ACTIVITY:
Your copy should repeat each record below exactly and contain no images.

Extracted records
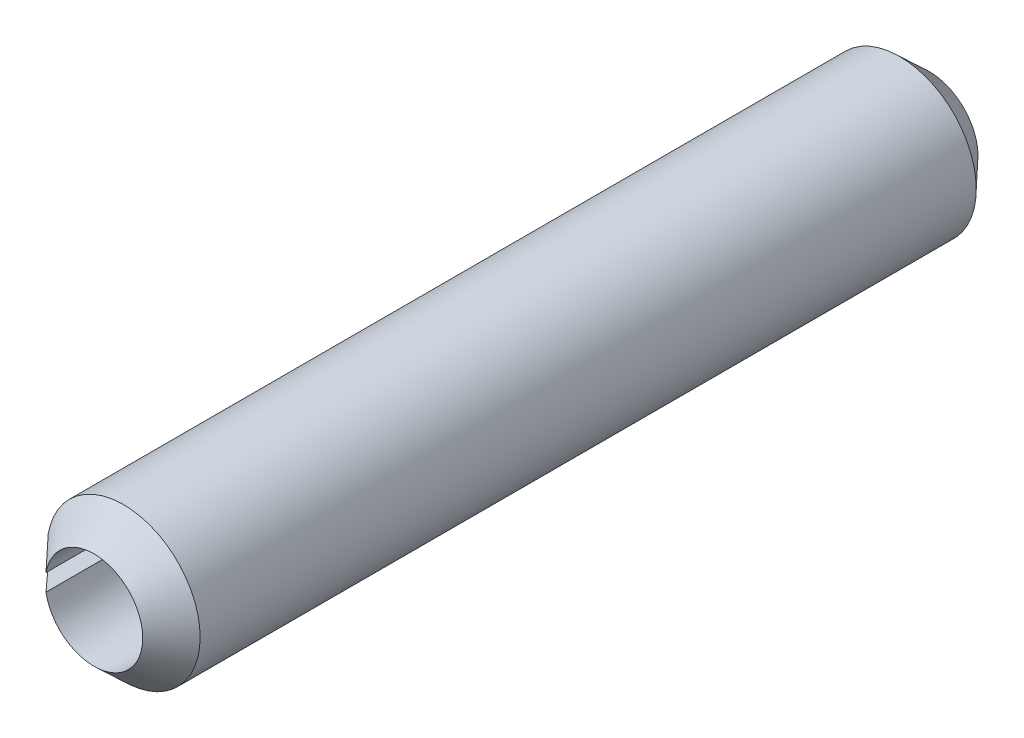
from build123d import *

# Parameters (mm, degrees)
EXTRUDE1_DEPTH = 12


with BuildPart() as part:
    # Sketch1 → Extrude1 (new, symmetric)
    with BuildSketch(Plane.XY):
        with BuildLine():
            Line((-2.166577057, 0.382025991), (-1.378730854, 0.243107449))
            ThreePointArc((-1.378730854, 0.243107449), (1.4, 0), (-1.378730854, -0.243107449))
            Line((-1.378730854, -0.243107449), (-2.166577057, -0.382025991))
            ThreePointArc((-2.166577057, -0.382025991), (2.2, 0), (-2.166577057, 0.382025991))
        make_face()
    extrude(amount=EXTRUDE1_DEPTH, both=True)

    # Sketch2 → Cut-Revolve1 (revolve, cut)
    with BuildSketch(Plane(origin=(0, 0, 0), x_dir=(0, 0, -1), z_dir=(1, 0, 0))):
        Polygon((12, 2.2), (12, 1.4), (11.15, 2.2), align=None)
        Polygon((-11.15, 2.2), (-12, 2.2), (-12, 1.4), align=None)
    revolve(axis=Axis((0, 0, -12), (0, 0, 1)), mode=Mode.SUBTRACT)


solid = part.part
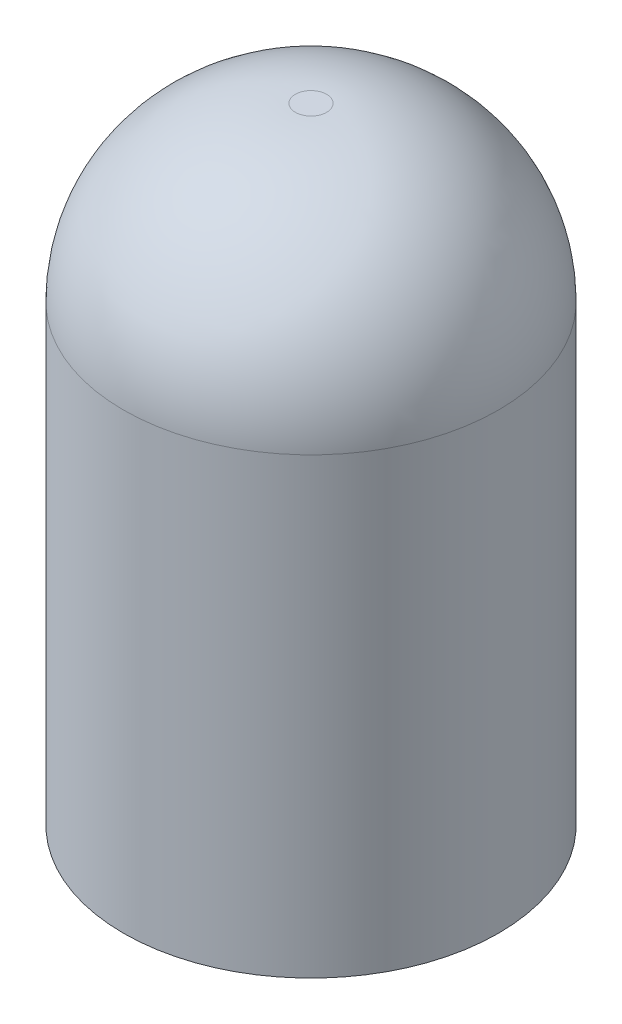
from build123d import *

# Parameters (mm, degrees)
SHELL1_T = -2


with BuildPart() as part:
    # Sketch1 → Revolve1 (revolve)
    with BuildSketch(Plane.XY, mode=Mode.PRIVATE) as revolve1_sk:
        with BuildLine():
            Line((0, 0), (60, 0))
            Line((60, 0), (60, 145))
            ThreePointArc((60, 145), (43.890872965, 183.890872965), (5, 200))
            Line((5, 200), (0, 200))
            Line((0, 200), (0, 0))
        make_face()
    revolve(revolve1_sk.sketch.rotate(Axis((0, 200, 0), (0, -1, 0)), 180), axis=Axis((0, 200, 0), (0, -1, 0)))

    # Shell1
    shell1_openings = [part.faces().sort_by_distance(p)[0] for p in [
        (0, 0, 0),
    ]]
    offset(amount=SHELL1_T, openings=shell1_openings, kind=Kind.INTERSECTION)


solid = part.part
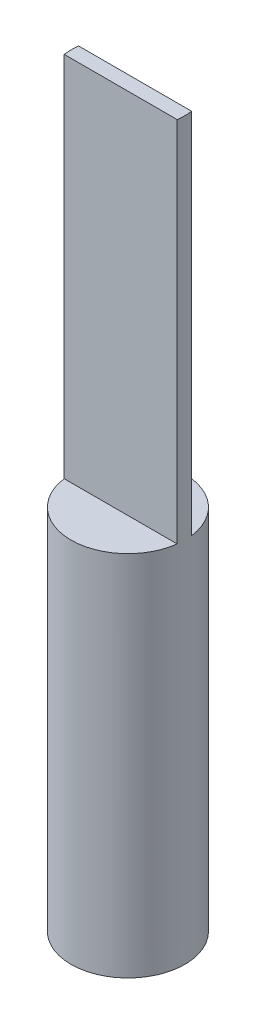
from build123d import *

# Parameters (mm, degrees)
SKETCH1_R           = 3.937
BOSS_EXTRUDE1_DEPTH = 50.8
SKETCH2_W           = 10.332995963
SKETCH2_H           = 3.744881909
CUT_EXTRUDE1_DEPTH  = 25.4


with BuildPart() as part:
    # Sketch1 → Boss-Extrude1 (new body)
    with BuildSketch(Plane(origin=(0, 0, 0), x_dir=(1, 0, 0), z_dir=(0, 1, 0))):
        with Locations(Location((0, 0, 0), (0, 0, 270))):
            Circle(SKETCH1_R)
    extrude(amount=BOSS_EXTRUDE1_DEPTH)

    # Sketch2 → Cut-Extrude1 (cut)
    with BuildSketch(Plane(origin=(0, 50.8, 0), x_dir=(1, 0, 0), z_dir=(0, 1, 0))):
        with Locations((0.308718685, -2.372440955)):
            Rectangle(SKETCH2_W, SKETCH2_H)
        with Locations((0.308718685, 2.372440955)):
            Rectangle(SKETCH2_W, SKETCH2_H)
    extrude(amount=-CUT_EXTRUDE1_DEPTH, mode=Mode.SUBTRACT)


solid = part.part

ANSWER BOX:
from build123d import *

# Parameters (mm, degrees)
EXTRUDE1_DEPTH = 12


with BuildPart() as part:
    # Sketch1 → Extrude1 (new, symmetric)
    with BuildSketch(Plane.XY):
        with BuildLine():
            Line((-2.166577057, 0.382025991), (-1.378730854, 0.243107449))
            ThreePointArc((-1.378730854, 0.243107449), (1.4, 0), (-1.378730854, -0.243107449))
            Line((-1.378730854, -0.243107449), (-2.166577057, -0.382025991))
            ThreePointArc((-2.166577057, -0.382025991), (2.2, 0), (-2.166577057, 0.382025991))
        make_face()
    extrude(amount=EXTRUDE1_DEPTH, both=True)

    # Sketch2 → Cut-Revolve1 (revolve, cut)
    with BuildSketch(Plane(origin=(0, 0, 0), x_dir=(0, 0, -1), z_dir=(1, 0, 0))):
        Polygon((12, 2.2), (12, 1.4), (11.15, 2.2), align=None)
        Polygon((-11.15, 2.2), (-12, 2.2), (-12, 1.4), align=None)
    revolve(axis=Axis((0, 0, -12), (0, 0, 1)), mode=Mode.SUBTRACT)


solid = part.part
from build123d import *

# Parameters (mm, degrees)
SHELL1_T = -2


with BuildPart() as part:
    # Sketch1 → Revolve1 (revolve)
    with BuildSketch(Plane.XY, mode=Mode.PRIVATE) as revolve1_sk:
        with BuildLine():
            Line((0, 0), (60, 0))
            Line((60, 0), (60, 145))
            ThreePointArc((60, 145), (43.890872965, 183.890872965), (5, 200))
            Line((5, 200), (0, 200))
            Line((0, 200), (0, 0))
        make_face()
    revolve(revolve1_sk.sketch.rotate(Axis((0, 200, 0), (0, -1, 0)), 180), axis=Axis((0, 200, 0), (0, -1, 0)))

    # Shell1
    shell1_openings = [part.faces().sort_by_distance(p)[0] for p in [
        (0, 0, 0),
    ]]
    offset(amount=SHELL1_T, openings=shell1_openings, kind=Kind.INTERSECTION)


solid = part.part
from build123d import *

# Parameters (mm, degrees)
SKETCH1_R           = 3.937
BOSS_EXTRUDE1_DEPTH = 50.8
SKETCH2_W           = 10.332995963
SKETCH2_H           = 3.744881909
CUT_EXTRUDE1_DEPTH  = 25.4


with BuildPart() as part:
    # Sketch1 → Boss-Extrude1 (new body)
    with BuildSketch(Plane(origin=(0, 0, 0), x_dir=(1, 0, 0), z_dir=(0, 1, 0))):
        with Locations(Location((0, 0, 0), (0, 0, 270))):
            Circle(SKETCH1_R)
    extrude(amount=BOSS_EXTRUDE1_DEPTH)

    # Sketch2 → Cut-Extrude1 (cut)
    with BuildSketch(Plane(origin=(0, 50.8, 0), x_dir=(1, 0, 0), z_dir=(0, 1, 0))):
        with Locations((0.308718685, -2.372440955)):
            Rectangle(SKETCH2_W, SKETCH2_H)
        with Locations((0.308718685, 2.372440955)):
            Rectangle(SKETCH2_W, SKETCH2_H)
    extrude(amount=-CUT_EXTRUDE1_DEPTH, mode=Mode.SUBTRACT)


solid = part.part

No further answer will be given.